Data analysis with SQL is the process of extracting insights from databases using structured query language, similar to spreadsheet tasks but scalable for larger datasets. It revolves around four key operations:

  • Filtering: Selecting specific rows based on conditions, akin to Excel filters.

  • Joining: Combining data from multiple tables, more powerful than VLOOKUP.

  • Aggregating: Summarizing data with functions like SUM or AVG, comparable to PivotTables.

  • Windowing: Calculating rolling metrics or rankings over data partitions, advanced beyond basic spreadsheets.

According to ThoughtSpot's SQL tutorial, these operations form the foundation of analytical querying.

Why Should Spreadsheet Users Learn SQL for Data Analysis?

Spreadsheet users should learn SQL to overcome the limitations of tools like Excel when handling large or complex data.

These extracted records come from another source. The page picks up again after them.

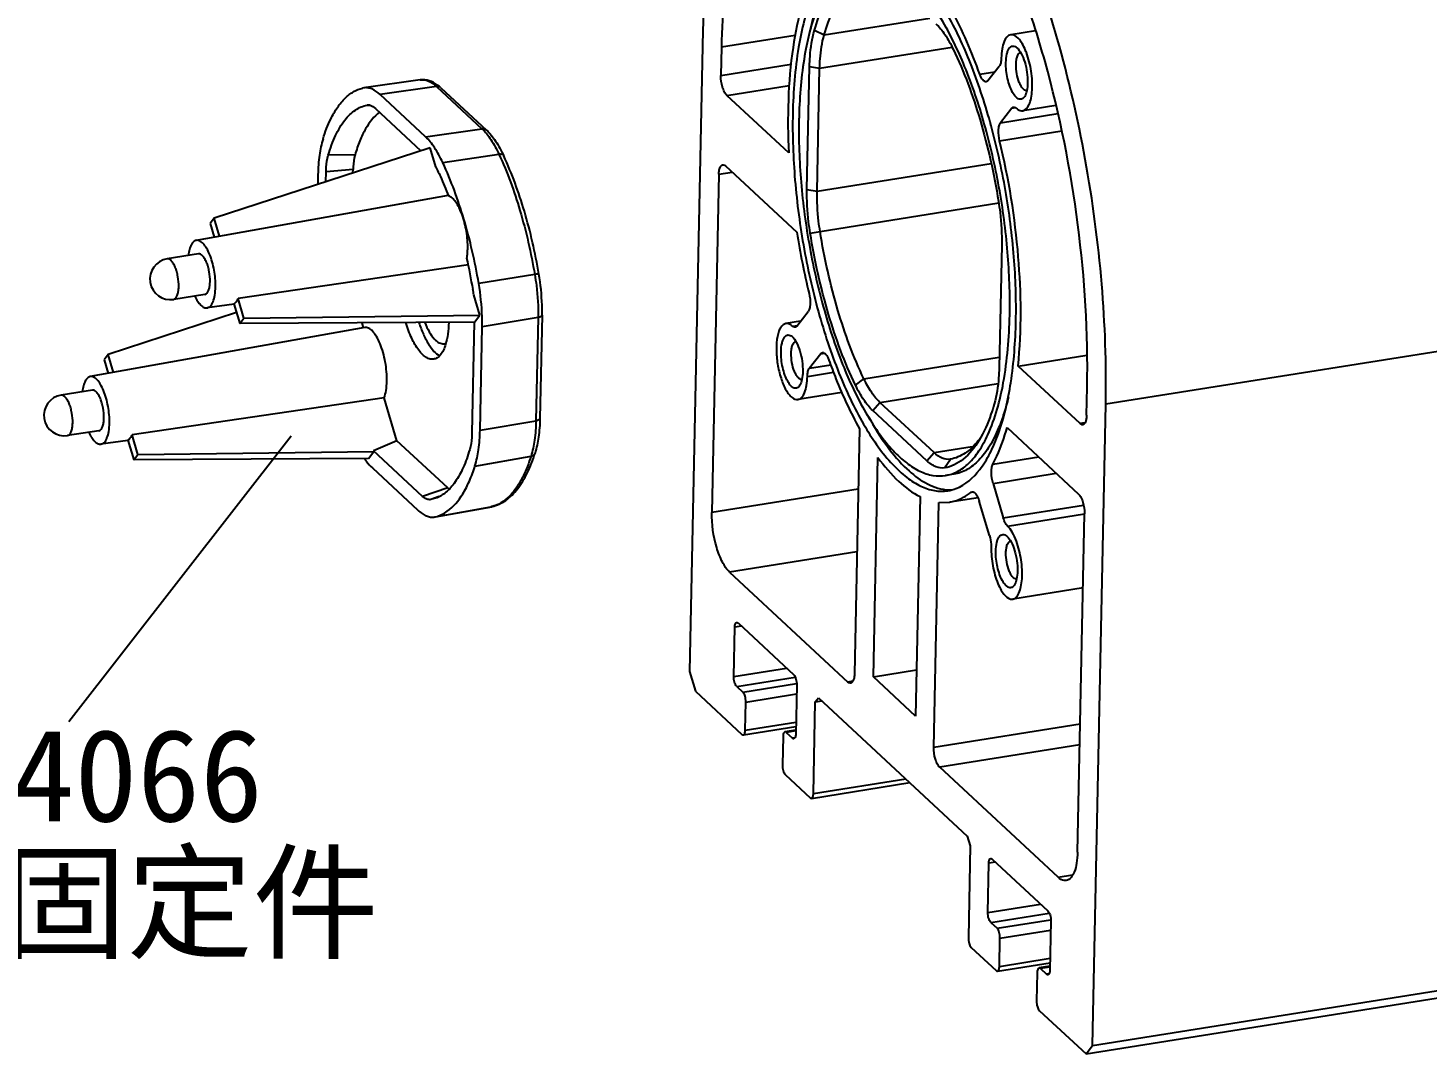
# Model space of a CAD drawing. Header units: millimetres. Extents: x 0 to 549, y 0 to 190.
# Drawn here: x 124.78 to 170.25, y 77.69 to 111.02 of the extents above; entities that cross this region are included whole.
import ezdxf

# ---------------------------------------------------------------- set-up
doc = ezdxf.new("R2010")
doc.units = ezdxf.units.MM
doc.layers.add('02___PRT_ALL_AXES', color=7, linetype='Continuous')
doc.styles.get("Standard").update_dxf_attribs({"font": 'SimSun.ttf'})

# ---------------------------------------------------------------- blocks, each defined once
blk = doc.blocks.new('A$C560D5F5B')
at = {"color": 7, "linetype": 'Continuous'}
for p, q in [((-22.163, 13.225), (-19.876, 13.589)), ((-24.79, 13.329), (-25.078, -0.562)), ((-22.788, 13.209), (-24.387, 12.955)), ((-22.374, 13.323), (-22.163, 13.225)), ((-17.586, 13.313), (-18.12, 13.227)), ((-24.387, 12.955), (-24.4, 12.344)), ((-22.26, 12.502), (-19.39, 12.958)), ((-24.4, 12.344), (-22.877, 12.587)), ((-22.535, 9.878), (-22.479, 12.54)), ((-22.479, 12.54), (-22.26, 12.502)), ((-22.315, 9.84), (-22.26, 12.502)), ((-18.613, 12.234), (-18.369, 12.548)), ((-24.272, 11.914), (-22.919, 12.13)), ((-18.791, 12.373), (-18.464, 12.425)), ((-22.93, 10.668), (-24.272, 11.914)), ((-18.097, 11.636), (-18.342, 11.322)), ((-18.097, 11.636), (-18.018, 11.648)), ((-17.143, 11.695), (-17.858, 11.582)), ((-18.342, 11.322), (-17.1, 11.519)), ((-18.361, 10.929), (-17.014, 11.144)), ((-24.303, 10.388), (-22.753, 8.948)), ((-22.315, 9.84), (-18.544, 10.441)), ((-24.444, 10.207), (-24.596, 2.88)), ((-24.444, 10.207), (-24.158, 10.253)), ((-22.535, 9.878), (-22.315, 9.84)), ((-22.251, 8.967), (-18.38, 9.583)), ((-22.465, 8.932), (-22.251, 8.967)), ((-18.316, 8.674), (-18.371, 6.012)), ((1.706, 8.053), (-16.061, 5.223)), ((-22.672, 7.022), (-22.993, 6.97)), ((-22.754, 6.916), (-22.509, 7.23)), ((-22.849, 6.914), (-22.742, 6.931)), ((-22.238, 6.318), (-22.482, 6.004)), ((-22.482, 6.004), (-22.021, 6.078)), ((-22.238, 6.318), (-22.159, 6.331)), ((-21.301, 5.774), (-18.367, 6.241)), ((-17.959, 6.052), (-16.472, 6.289)), ((-22.526, 5.828), (-21.959, 5.918)), ((-21.485, 5.639), (-21.301, 5.774)), ((-16.617, 4.806), (-17.959, 6.052)), ((-21.778, 5.476), (-22.73, 5.325)), ((-20.953, 5.265), (-18.394, 5.672)), ((-16.476, 4.987), (-16.464, 5.597)), ((-21.109, 5.088), (-20.953, 5.265)), ((-19.782, 4.177), (-20.953, 5.265)), ((-16.349, -8.667), (-16.061, 5.223)), ((-19.938, 4), (-21.109, 5.088)), ((-21.396, 4.694), (-21.506, -0.611)), ((-18.199, 4.719), (-16.649, 3.28)), ((-16.512, 4.823), (-16.617, 4.806)), ((-19.782, 4.177), (-18.958, 4.309)), ((-21.097, -0.68), (-20.999, 4.071)), ((-19.938, 4), (-19.782, 4.177)), ((-19.553, 3.846), (-19.427, 4.034)), ((-19.427, 4.034), (-19.43, 4.034)), ((-18.506, 3.924), (-17.513, 4.082)), ((-19.351, 3.709), (-19.534, 3.68)), ((-18.503, 3.511), (-17.133, 3.729)), ((-21.423, 3.385), (-24.596, 2.88)), ((-18.503, 3.511), (-18.281, 2.763)), ((-20.085, 3.223), (-20.184, -1.528)), ((-19.787, -2.207), (-19.677, 3.098)), ((-19.677, 3.098), (-19.442, 3.104)), ((-18.829, 3.201), (-19.442, 3.104)), ((-18.978, 3.318), (-18.953, 3.329)), ((-18.978, 3.318), (-18.932, 3.325)), ((-18.579, 2.38), (-18.802, 3.128)), ((-18.281, 2.763), (-16.54, 3.04)), ((-18.189, 2.587), (-16.521, 2.852)), ((-16.672, -4.477), (-16.521, 2.85)), ((-21.452, 2.03), (-24.212, 1.59)), ((-24.212, 1.59), (-21.647, -0.792)), ((-16.554, 1.246), (-18.077, 1.004)), ((-24.122, -0.672), (-24.1, 0.397)), ((-23.957, 0.42), (-24.1, 0.397)), ((-24.029, 0.487), (-22.821, -0.635)), ((-25.078, -0.562), (-24.95, -0.992)), ((-24.122, -0.672), (-22.978, -0.489)), ((-21.097, -0.68), (-20.163, -0.531)), ((-24.058, -0.887), (-22.79, -0.685)), ((-24.058, -0.887), (-23.924, -1.011)), ((-23.924, -1.011), (-22.761, -0.826)), ((-22.757, -0.85), (-22.779, -1.919)), ((-20.184, -1.528), (-21.097, -0.68)), ((-24.95, -0.992), (-23.943, -1.927)), ((-23.86, -1.226), (-22.761, -1.051)), ((-22.354, -1.224), (-22.284, -1.134)), ((-22.354, -1.224), (-22.211, -1.201)), ((-22.284, -1.134), (-19.061, -4.127)), ((-23.872, -1.837), (-23.86, -1.226)), ((-22.395, -3.209), (-22.354, -1.224)), ((-23.913, -1.939), (-22.776, -1.758)), ((-23.872, -1.837), (-22.774, -1.662)), ((-16.615, -1.702), (-19.787, -2.207)), ((-23.054, -1.974), (-23.067, -2.585)), ((-22.777, -1.835), (-23.013, -1.872)), ((-22.778, -1.851), (-22.984, -1.884)), ((-22.984, -1.884), (-22.849, -2.009)), ((-22.798, -2.001), (-22.849, -2.009)), ((-17.094, -5.019), (-19.659, -2.637)), ((-23.003, -2.8), (-22.465, -3.299)), ((-22.436, -3.311), (-20.305, -2.971)), ((-22.395, -3.209), (-20.393, -2.89)), ((-19.061, -4.127), (-18.997, -4.342)), ((-18.997, -4.342), (-19.038, -6.326)), ((-18.616, -5.784), (-18.594, -4.716)), ((-18.451, -4.693), (-18.594, -4.716)), ((-18.523, -4.626), (-17.315, -5.748)), ((-16.349, -8.667), (8.053, -4.782)), ((-17.094, -5.019), (-16.78, -4.969)), ((-16.489, -8.848), (7.912, -4.962)), ((-18.616, -5.784), (-17.472, -5.602)), ((-18.552, -5.999), (-17.284, -5.797)), ((-18.552, -5.999), (-18.417, -6.124)), ((-18.417, -6.124), (-17.255, -5.939)), ((-17.251, -5.963), (-17.273, -7.031)), ((-18.366, -6.95), (-18.354, -6.339)), ((-18.354, -6.339), (-17.255, -6.164)), ((-18.974, -6.541), (-18.436, -7.04)), ((-18.407, -7.052), (-17.269, -6.871)), ((-18.366, -6.95), (-17.268, -6.775)), ((-17.271, -6.947), (-17.507, -6.985)), ((-17.271, -6.964), (-17.477, -6.997)), ((-17.548, -7.087), (-17.56, -7.698)), ((-17.477, -6.997), (-17.343, -7.122)), ((-17.291, -7.113), (-17.343, -7.122)), ((-17.496, -7.913), (-16.489, -8.848)), ((-16.489, -8.848), (-16.349, -8.667))]:
    blk.add_line(p, q, dxfattribs=at)
for centre, radius, start, end in [((-19.203, 12.306), 1.52, 20.5494, 22.5581), ((-11.381, 11.162), 11.33, 177.9991, 178.8155), ((-6.527, 11.488), 16.423, 188.8951, 193.612), ((-20.119, 5.443), 1.639, 322.0936, 322.6958), ((-20.221, 5.52), 1.768, 322.7285, 325.9004), ((-19.432, 4.279), 0.91, 264.3144, 266.8728), ((-19.619, 4.208), 0.868, 279.1176, 291.1167), ((-19.434, 4.251), 0.881, 266.8643, 271.9169)]:
    blk.add_arc(centre, radius, start, end, dxfattribs=at)
for points, knots in [([(-22.129, 19.974), (-22.32, 19.944), (-22.713, 19.799), (-23.224, 19.371), (-23.668, 18.753), (-24.046, 17.956), (-24.353, 16.995), (-24.676, 15.444), (-24.772, 14.196), (-24.79, 13.329)], [0, 0, 0, 0, 0.076369, 0.161017, 0.259642, 0.375039, 0.507905, 0.657558, 1, 1, 1, 1]), ([(-16.061, 5.223), (-16.043, 6.092), (-16.109, 7.87), (-16.462, 10.521), (-17.053, 13.098), (-17.845, 15.438), (-18.663, 17.151), (-19.394, 18.275), (-19.934, 18.937), (-20.482, 19.45), (-21.035, 19.806), (-21.588, 19.996), (-21.958, 20.002), (-22.129, 19.974)], [0, 0, 0, 0, 0.153179, 0.313043, 0.470941, 0.618393, 0.747947, 0.804272, 0.854371, 0.898199, 0.936187, 0.969454, 1, 1, 1, 1]), ([(-21.972, 18.987), (-22.145, 18.959), (-22.501, 18.828), (-22.965, 18.44), (-23.369, 17.878), (-23.712, 17.155), (-23.991, 16.282), (-24.284, 14.874), (-24.371, 13.741), (-24.387, 12.955)], [0, 0, 0, 0, 0.07637, 0.161017, 0.259641, 0.375038, 0.507904, 0.657557, 1, 1, 1, 1]), ([(-16.464, 5.597), (-16.439, 6.77), (-16.591, 9.15), (-17.166, 12.046), (-17.861, 14.237), (-18.457, 15.682), (-19.117, 16.913), (-19.626, 17.623), (-19.892, 17.925)], [0, 0, 0, 0, 0.270378, 0.547507, 0.678563, 0.79957, 0.90744, 1, 1, 1, 1]), ([(-21.369, 15.201), (-21.475, 15.184), (-21.692, 15.104), (-21.975, 14.867), (-22.222, 14.525), (-22.52, 13.894), (-22.765, 12.876), (-22.833, 12.001), (-22.843, 11.521)], [0, 0, 0, 0, 0.076399, 0.161078, 0.259741, 0.375182, 0.657412, 1, 1, 1, 1]), ([(-21.358, 15.184), (-21.652, 15.072), (-22.027, 14.627), (-22.326, 13.913), (-22.443, 13.458), (-22.492, 13.211)], [0, 0, 0, 0, 0.403782, 0.676747, 1, 1, 1, 1]), ([(-18.008, 7.031), (-17.998, 7.493), (-18.031, 8.439), (-18.212, 9.853), (-18.516, 11.234), (-18.925, 12.505), (-19.417, 13.592), (-19.895, 14.338), (-20.307, 14.78), (-20.672, 15.071), (-20.991, 15.202), (-21.193, 15.211)], [0, 0, 0, 0, 0.149996, 0.306597, 0.46198, 0.608402, 0.738927, 0.848253, 0.89416, 0.93429, 1, 1, 1, 1]), ([(-21.317, 14.872), (-21.414, 14.857), (-21.613, 14.784), (-21.874, 14.572), (-22.102, 14.265), (-22.382, 13.698), (-22.616, 12.781), (-22.689, 11.991), (-22.704, 11.557)], [0, 0, 0, 0, 0.077349, 0.162663, 0.261526, 0.376781, 0.658018, 1, 1, 1, 1]), ([(-18.142, 7.156), (-18.133, 7.61), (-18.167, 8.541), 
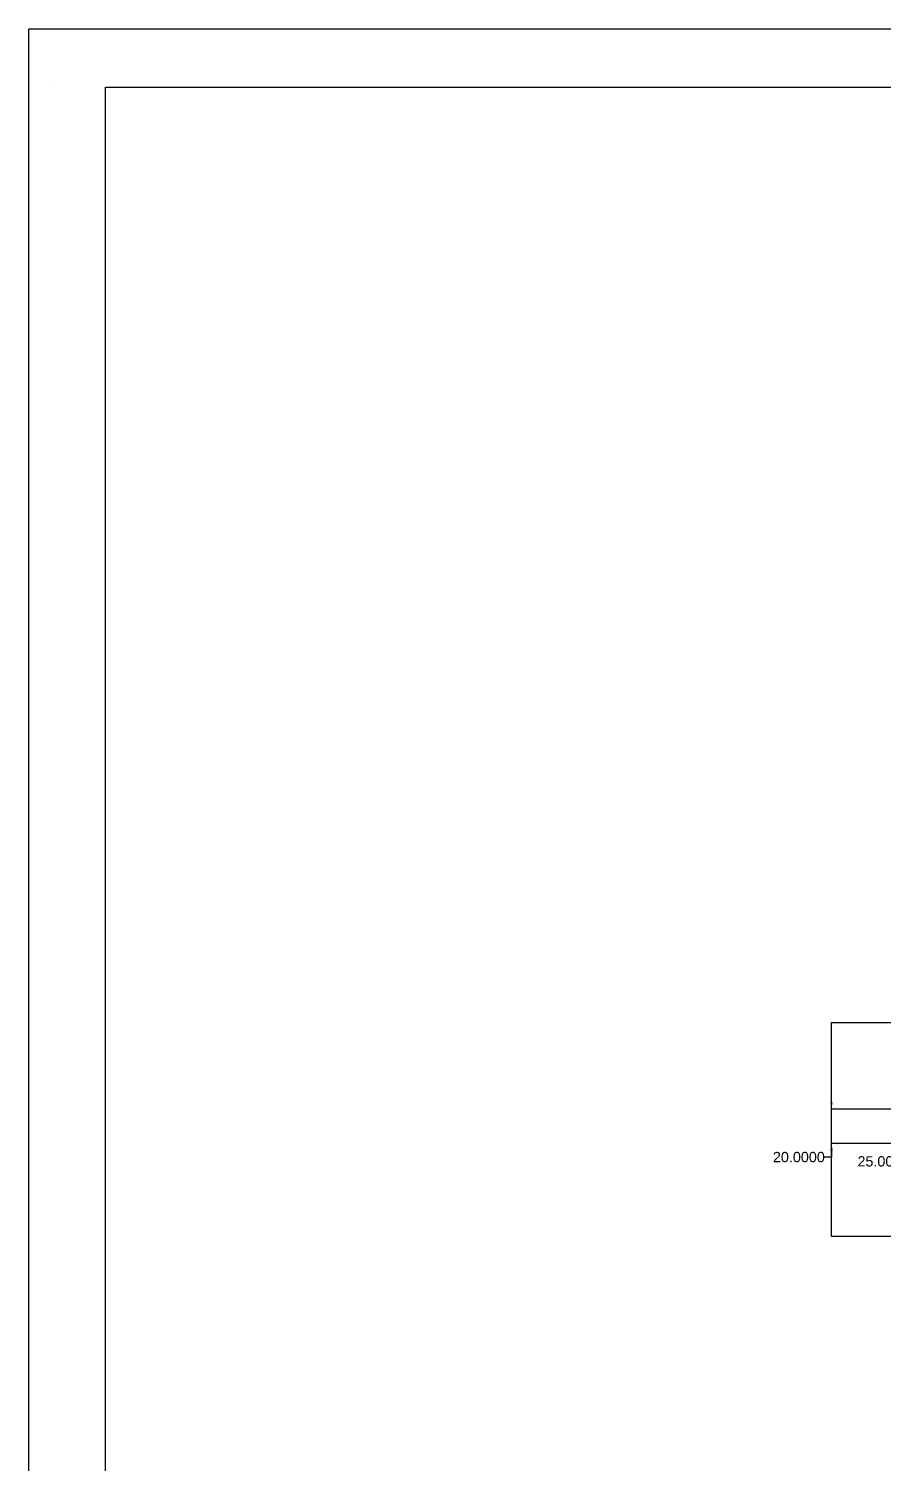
# Model space of a CAD drawing. Header units: inches. Extents: x -318 to 2841, y -996 to 640.
# Drawn here: x -318 to 181, y -197 to 640 of the extents above; entities that cross this region are included whole.
import ezdxf

# ---------------------------------------------------------------- set-up
doc = ezdxf.new("R2010")
doc.units = ezdxf.units.IN
doc.header["$MEASUREMENT"] = 0
doc.linetypes.add('CENTER', pattern=[2, 1.25, -0.25, 0.25, -0.25])
doc.layers.get('0').update_dxf_attribs({"plot": 0})
doc.styles.get("Standard").update_dxf_attribs({"font": 'arial.ttf'})
doc.styles.add('style1', font='arial.ttf', dxfattribs={"height": 50})
doc.dimstyles.get("Standard").update_dxf_attribs({"dimscale": 2, "dimtxt": 3, "dimasz": 2, "dimexe": 0.18, "dimexo": 0.0625, "dimgap": 0.108, "dimtad": 0, "dimtoh": 1, "dimdec": 4, "dimzin": 0, "dimdsep": 46, "dimtxsty": 'Standard', "dimcen": 2, "dimadec": 0, "dimazin": 0, "dimtfac": 1, "dimtdec": 4, "dimtofl": 0, "dimtmove": 0, "dimatfit": 1, "dimfxl": 1, "dimtolj": 1, "dimtzin": 0, "dimarcsym": 0})

# ---------------------------------------------------------------- blocks, each defined once
blk = doc.blocks.new('*D31')
at = {"color": 0, "lineweight": -2, "transparency": 16777216}
for p, q in [((200.29, 16.39), (200.29, 20.39)), ((211.03, 12.39), (199.93, 12.39)), ((211.03, -12.61), (199.93, -12.61)), ((200.29, -16.61), (200.29, -20.61)), ((200.29, -20.61), (196.29, -20.61))]:
    blk.add_line(p, q, dxfattribs=at)
at = {"color": 0, "transparency": 16777216}
for points in [[(199.63, 16.39), (200.96, 16.39), (200.29, 12.39)], [(199.63, -16.61), (200.96, -16.61), (200.29, -12.61)]]:
    blk.add_solid(points, dxfattribs=at)
at = {"layer": 'Defpoints', "color": 0, "transparency": 16777216}
for p in [(211.16, 12.39), (200.29, -12.61), (211.16, -12.61)]:
    blk.add_point(p, dxfattribs=at)
at = {"color": 0, "transparency": 16777216, "insert": (181.25, -20.61), "char_height": 6, "attachment_point": 5}
blk.add_mtext('\\A1;25.0000', dxfattribs=at)
blk = doc.blocks.new('*D32')
at = {"color": 0, "lineweight": -2, "transparency": 16777216}
for p, q in [((150.95, 13.89), (150.95, 17.89)), ((256.03, 9.89), (150.59, 9.89)), ((256.03, -10.11), (150.59, -10.11)), ((150.95, -14.11), (150.95, -18.11)), ((150.95, -18.11), (146.95, -18.11))]:
    blk.add_line(p, q, dxfattribs=at)
at = {"color": 0, "transparency": 16777216}
for points in [[(150.28, 13.89), (151.62, 13.89), (150.95, 9.89)], [(150.28, -14.11), (151.62, -14.11), (150.95, -10.11)]]:
    blk.add_solid(points, dxfattribs=at)
at = {"layer": 'Defpoints', "color": 0, "transparency": 16777216}
for p in [(256.16, 9.89), (150.95, -10.11), (256.16, -10.11)]:
    blk.add_point(p, dxfattribs=at)
at = {"color": 0, "transparency": 16777216, "insert": (131.91, -18.11), "char_height": 6, "attachment_point": 5}
blk.add_mtext('\\A1;20.0000', dxfattribs=at)

msp = doc.modelspace()

# ---------------------------------------------------------------- linework, layer by layer
for points in [[(2841.1401, -996.06437), (-317.64513, -996.06437), (-317.64513, 640.37686), (2841.1401, 640.37686)], [(2821.1401, -976.06437), (-272.78659, -976.06437), (-272.78659, 606.20586), (2821.1401, 606.20586)], [(150.95049, 60.49921), (513.56682, 60.49921), (513.56682, -64.39731), (150.95049, -64.39731)]]:
    msp.add_lwpolyline(points, close=True)

# ---------------------------------------------------------------- texts
at = {"linetype": 'CENTER', "insert": (-307.00705, 606.20586), "char_height": 0.2, "attachment_point": 1, "style": 'style1'}
msp.add_mtext_dynamic_manual_height_columns('\\pxt9;TAIL STOCK', width=34.2204608, gutter_width=1, heights=[0], dxfattribs=at)

# ---------------------------------------------------------------- dimensions: what is measured, and where the dimension line sits
for base, p1, p2, picture, middle in [((150.95049, -10.10628), (256.15865, 9.89372), (256.15865, -10.10628), '*D32', (131.90843, -18.10628)), ((200.29488, -12.60628), (211.15865, 12.39372), (211.15865, -12.60628), '*D31', (181.25282, -20.60628))]:
    dim = msp.add_linear_dim(base=base, p1=p1, p2=p2, angle=90, dimstyle='Standard')
    dim.commit()
    dim.dimension.update_dxf_attribs({"geometry": picture, "text_midpoint": middle})

doc.saveas('drawing.dxf')

According to hiring surveys, SQL remains one of the most in-demand skills for data analysts, with 2026 skills reports highlighting SQL and spreadsheet proficiency as a powerful combination for business roles.

Research shows that analysts who know SQL can work with significantly larger datasets than spreadsheet-only peers, enabling faster and more reproducible analyses. Data indicates that many common spreadsheet tasks map directly to a handful of SQL query patterns, making the transition intuitive. Moreover, AI tools like Sourcetable can automate SQL generation, reducing the learning curve.

What Are the Basic SQL Syntax and Concepts for Analysts?

SQL syntax mirrors spreadsheet logic but operates on tables. Key clauses include:

  • SELECT: Specifies columns to retrieve, similar to highlighting cells in Excel.

  • FROM: Indicates the table source, like referencing a sheet.

  • WHERE: Filters rows based on conditions, comparable to filter tools.

  • GROUP BY: Aggregates data into summaries, akin to PivotTables.

  • HAVING: Filters aggregated results, useful post-grouping.

  • ORDER BY: Sorts output, like Excel's sort function.

For example, to sum sales by region: SELECT region, SUM(sales) FROM transactions GROUP BY region ORDER BY SUM(sales) DESC. According to Mimo's SQL for Data Analysis guide, mastering these basics allows analysts to query databases directly, bypassing spreadsheet bottlenecks.

How Do Joins Compare to VLOOKUPs in Excel?

SQL joins are more flexible and powerful than Excel's VLOOKUP for combining data from multiple tables. While VLOOKUP searches for a match in one column, SQL joins can link tables based on complex conditions and handle missing data gracefully. Key join types include:

  • INNER JOIN: Returns rows with matches in both tables, similar to VLOOKUP with exact matches.

  • LEFT JOIN: Includes all rows from the left table and matched rows from the right, akin to VLOOKUP with IFERROR to preserve left data.

  • RIGHT JOIN: Inverse of LEFT JOIN, less common.

  • FULL OUTER JOIN: Returns all rows from both tables, with NULLs for non-matches, beyond Excel's native capabilities.

For deeper insights on outer joins, see our guide on Outer Joins, Subqueries, and Window Functions.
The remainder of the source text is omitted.